ACTION ITEM:
The records underneath are to be repeated exactly, with the pictures left out.

AVAILABLE RECORDS:
━━━━

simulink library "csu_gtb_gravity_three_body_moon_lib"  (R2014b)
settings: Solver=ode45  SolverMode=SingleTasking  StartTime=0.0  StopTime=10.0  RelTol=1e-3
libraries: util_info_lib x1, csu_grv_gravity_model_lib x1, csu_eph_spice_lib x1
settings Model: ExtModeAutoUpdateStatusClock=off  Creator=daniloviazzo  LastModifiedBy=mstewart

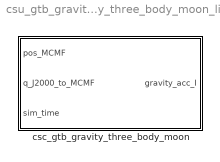
== system csu_gtb_gravity_three_body_moon_lib ==
  csc_gtb_gravity_three_body_moon : Subsystem

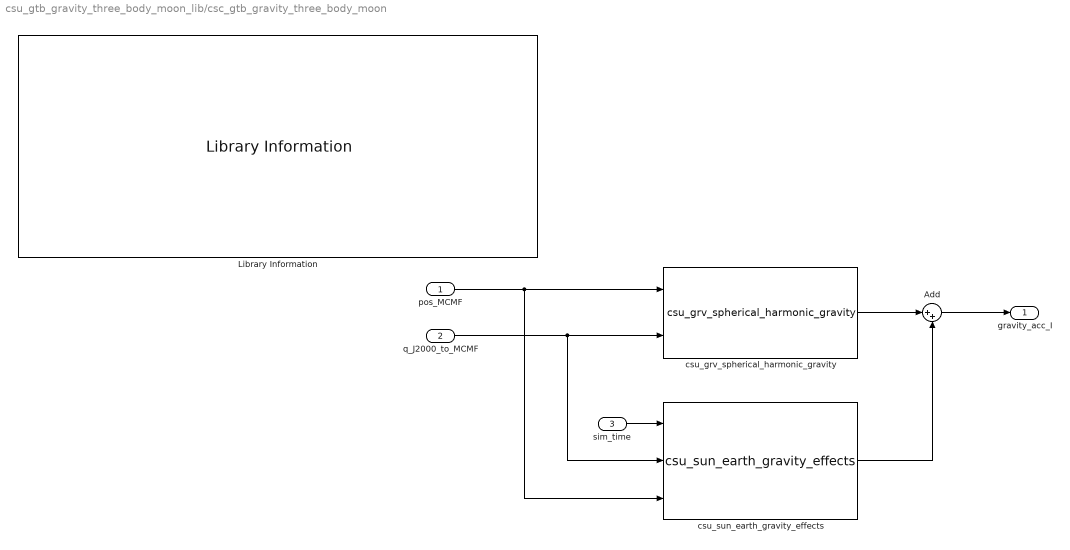
== system csu_gtb_gravity_three_body_moon_lib/csc_gtb_gravity_three_body_moon ==
  pos_MCMF : Inport
  q_J2000_to_MCMF : Inport  Port=2
  sim_time : Inport  Port=3
  Add : Sum  Inputs=|++
  Library Information : util_info_lib/Library Information  owner='NONE'
  csu_grv_spherical_harmonic_gravity : csu_grv_gravity_model_lib/csu_grv_spherical_harmonic_gravity
  csu_sun_earth_gravity_effects : csu_eph_spice_lib/csu_sun_earth_gravity_effects
  gravity_acc_I : Outport
  wires:
  pos_MCMF/1 -> csu_sun_earth_gravity_effects/3, csu_grv_spherical_harmonic_gravity/1
  q_J2000_to_MCMF/1 -> csu_sun_earth_gravity_effects/2, csu_grv_spherical_harmonic_gravity/2
  sim_time/1 -> csu_sun_earth_gravity_effects/1
  csu_sun_earth_gravity_effects/1 -> Add/2
  csu_grv_spherical_harmonic_gravity/1 -> Add/1
  Add/1 -> gravity_acc_I/1

━━━━

ANSWER BOX:
simulink library "csu_gtb_gravity_three_body_moon_lib"  (R2014b)
settings: Solver=ode45  SolverMode=SingleTasking  StartTime=0.0  StopTime=10.0  RelTol=1e-3
libraries: util_info_lib x1, csu_grv_gravity_model_lib x1, csu_eph_spice_lib x1
settings Model: ExtModeAutoUpdateStatusClock=off  Creator=daniloviazzo  LastModifiedBy=mstewart

== system csu_gtb_gravity_three_body_moon_lib ==
  csc_gtb_gravity_three_body_moon : Subsystem

== system csu_gtb_gravity_three_body_moon_lib/csc_gtb_gravity_three_body_moon ==
  pos_MCMF : Inport
  q_J2000_to_MCMF : Inport  Port=2
  sim_time : Inport  Port=3
  Add : Sum  Inputs=|++
  Library Information : util_info_lib/Library Information  owner='NONE'
  csu_grv_spherical_harmonic_gravity : csu_grv_gravity_model_lib/csu_grv_spherical_harmonic_gravity
  csu_sun_earth_gravity_effects : csu_eph_spice_lib/csu_sun_earth_gravity_effects
  gravity_acc_I : Outport
  wires:
  pos_MCMF/1 -> csu_sun_earth_gravity_effects/3, csu_grv_spherical_harmonic_gravity/1
  q_J2000_to_MCMF/1 -> csu_sun_earth_gravity_effects/2, csu_grv_spherical_harmonic_gravity/2
  sim_time/1 -> csu_sun_earth_gravity_effects/1
  csu_sun_earth_gravity_effects/1 -> Add/2
  csu_grv_spherical_harmonic_gravity/1 -> Add/1
  Add/1 -> gravity_acc_I/1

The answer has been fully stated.